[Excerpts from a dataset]
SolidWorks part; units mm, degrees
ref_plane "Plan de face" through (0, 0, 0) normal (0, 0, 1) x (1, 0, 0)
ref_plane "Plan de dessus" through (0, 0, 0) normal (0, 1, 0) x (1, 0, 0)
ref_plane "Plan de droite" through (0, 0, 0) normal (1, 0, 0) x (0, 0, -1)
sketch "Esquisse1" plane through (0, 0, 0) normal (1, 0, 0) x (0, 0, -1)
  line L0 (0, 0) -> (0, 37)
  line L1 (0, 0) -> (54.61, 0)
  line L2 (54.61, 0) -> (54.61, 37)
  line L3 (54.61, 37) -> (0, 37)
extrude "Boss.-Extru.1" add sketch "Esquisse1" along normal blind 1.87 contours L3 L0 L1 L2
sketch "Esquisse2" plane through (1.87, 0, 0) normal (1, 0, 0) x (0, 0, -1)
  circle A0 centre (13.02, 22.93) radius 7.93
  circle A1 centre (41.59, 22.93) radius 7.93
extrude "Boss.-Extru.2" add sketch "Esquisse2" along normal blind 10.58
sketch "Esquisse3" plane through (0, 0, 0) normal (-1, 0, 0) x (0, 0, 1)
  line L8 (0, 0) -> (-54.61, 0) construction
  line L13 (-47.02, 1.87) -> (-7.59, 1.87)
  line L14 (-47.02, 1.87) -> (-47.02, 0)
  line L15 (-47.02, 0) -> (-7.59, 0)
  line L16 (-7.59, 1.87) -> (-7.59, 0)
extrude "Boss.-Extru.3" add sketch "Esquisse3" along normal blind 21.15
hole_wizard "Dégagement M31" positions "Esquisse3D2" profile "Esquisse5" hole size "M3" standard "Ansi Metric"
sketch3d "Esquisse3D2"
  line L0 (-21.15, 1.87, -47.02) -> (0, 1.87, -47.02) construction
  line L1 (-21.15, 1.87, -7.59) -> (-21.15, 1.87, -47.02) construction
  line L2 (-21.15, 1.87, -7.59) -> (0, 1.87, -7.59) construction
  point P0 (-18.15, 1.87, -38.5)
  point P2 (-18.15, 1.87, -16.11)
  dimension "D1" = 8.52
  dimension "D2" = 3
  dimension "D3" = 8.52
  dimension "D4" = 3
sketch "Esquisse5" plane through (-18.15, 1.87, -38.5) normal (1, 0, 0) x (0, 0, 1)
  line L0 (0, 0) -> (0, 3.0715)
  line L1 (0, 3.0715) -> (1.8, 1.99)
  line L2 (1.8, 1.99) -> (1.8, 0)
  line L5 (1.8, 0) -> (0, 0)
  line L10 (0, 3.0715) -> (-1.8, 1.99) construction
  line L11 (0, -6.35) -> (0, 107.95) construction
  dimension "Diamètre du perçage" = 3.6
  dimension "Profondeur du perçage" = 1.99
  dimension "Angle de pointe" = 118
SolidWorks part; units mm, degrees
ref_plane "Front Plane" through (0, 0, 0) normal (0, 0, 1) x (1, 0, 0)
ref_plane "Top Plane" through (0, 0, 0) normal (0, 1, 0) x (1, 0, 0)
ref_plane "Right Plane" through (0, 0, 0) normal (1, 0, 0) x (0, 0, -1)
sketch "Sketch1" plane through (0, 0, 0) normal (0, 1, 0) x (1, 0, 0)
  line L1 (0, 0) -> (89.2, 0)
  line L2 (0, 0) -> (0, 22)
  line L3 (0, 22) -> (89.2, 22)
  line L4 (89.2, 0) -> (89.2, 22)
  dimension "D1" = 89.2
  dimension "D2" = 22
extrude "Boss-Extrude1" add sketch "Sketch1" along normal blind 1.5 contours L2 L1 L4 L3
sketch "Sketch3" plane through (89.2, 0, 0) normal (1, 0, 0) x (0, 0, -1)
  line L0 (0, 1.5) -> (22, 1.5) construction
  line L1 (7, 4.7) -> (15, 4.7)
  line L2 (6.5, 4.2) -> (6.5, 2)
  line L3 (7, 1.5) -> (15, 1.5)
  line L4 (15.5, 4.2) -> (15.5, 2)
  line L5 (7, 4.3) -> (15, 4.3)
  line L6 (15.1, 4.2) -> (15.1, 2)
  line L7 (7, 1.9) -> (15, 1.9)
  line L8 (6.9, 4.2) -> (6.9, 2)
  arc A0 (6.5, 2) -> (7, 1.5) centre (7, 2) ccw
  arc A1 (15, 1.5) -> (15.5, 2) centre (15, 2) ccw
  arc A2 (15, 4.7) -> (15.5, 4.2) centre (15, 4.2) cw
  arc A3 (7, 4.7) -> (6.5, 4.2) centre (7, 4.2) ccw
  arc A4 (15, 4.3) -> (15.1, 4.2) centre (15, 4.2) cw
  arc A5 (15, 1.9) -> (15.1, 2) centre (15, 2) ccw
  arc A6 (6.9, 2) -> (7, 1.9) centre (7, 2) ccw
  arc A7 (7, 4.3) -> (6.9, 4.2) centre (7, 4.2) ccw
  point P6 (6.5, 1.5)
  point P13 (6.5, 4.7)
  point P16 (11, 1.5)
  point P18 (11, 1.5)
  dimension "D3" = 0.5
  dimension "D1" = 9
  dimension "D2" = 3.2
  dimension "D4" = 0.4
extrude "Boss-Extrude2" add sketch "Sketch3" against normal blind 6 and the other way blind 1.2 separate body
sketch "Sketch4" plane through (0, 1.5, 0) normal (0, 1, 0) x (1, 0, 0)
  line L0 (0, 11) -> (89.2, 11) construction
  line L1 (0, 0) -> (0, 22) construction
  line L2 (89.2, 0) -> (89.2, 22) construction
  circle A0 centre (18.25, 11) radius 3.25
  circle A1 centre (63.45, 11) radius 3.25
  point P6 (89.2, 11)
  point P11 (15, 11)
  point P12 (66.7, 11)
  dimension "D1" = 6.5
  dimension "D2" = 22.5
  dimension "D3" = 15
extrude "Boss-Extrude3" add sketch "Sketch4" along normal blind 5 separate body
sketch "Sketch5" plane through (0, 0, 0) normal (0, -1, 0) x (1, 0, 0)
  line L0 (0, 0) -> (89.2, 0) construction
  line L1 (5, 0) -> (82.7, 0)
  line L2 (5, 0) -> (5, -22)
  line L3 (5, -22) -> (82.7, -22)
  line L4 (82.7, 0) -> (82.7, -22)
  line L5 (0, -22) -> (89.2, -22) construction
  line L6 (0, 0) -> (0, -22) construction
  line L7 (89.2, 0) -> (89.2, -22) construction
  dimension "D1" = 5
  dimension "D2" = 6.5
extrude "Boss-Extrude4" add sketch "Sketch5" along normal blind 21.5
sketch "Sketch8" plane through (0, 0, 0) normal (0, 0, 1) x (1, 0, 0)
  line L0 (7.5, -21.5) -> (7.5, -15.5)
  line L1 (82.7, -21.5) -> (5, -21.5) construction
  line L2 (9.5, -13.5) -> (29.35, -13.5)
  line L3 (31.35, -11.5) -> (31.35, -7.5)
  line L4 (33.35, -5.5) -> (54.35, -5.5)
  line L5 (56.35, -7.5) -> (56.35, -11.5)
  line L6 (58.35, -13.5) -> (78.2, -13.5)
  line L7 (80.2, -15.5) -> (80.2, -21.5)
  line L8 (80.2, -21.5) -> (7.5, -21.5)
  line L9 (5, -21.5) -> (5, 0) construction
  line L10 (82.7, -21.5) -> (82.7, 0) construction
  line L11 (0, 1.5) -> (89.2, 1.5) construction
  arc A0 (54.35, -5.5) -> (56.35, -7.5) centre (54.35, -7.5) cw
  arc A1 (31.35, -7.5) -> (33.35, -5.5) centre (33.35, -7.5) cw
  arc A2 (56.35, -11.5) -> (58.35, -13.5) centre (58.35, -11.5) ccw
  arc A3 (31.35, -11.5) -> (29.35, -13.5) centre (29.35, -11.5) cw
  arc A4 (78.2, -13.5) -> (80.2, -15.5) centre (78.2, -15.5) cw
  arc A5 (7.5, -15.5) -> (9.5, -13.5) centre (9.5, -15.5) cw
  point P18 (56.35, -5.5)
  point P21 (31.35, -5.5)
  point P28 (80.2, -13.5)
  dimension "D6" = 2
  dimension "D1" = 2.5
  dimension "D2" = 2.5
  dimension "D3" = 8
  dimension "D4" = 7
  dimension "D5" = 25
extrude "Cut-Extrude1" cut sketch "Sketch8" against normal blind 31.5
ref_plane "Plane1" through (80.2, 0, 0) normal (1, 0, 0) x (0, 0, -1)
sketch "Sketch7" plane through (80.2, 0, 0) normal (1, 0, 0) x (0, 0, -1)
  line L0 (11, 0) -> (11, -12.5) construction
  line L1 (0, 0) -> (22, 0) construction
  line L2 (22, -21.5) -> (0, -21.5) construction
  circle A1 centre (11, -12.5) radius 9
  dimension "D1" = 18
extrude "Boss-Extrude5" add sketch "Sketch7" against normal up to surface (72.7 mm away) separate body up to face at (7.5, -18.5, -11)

Exercise instructions
Line count for "along": state how many lines of the records contain it, and give only the number.

Task result
6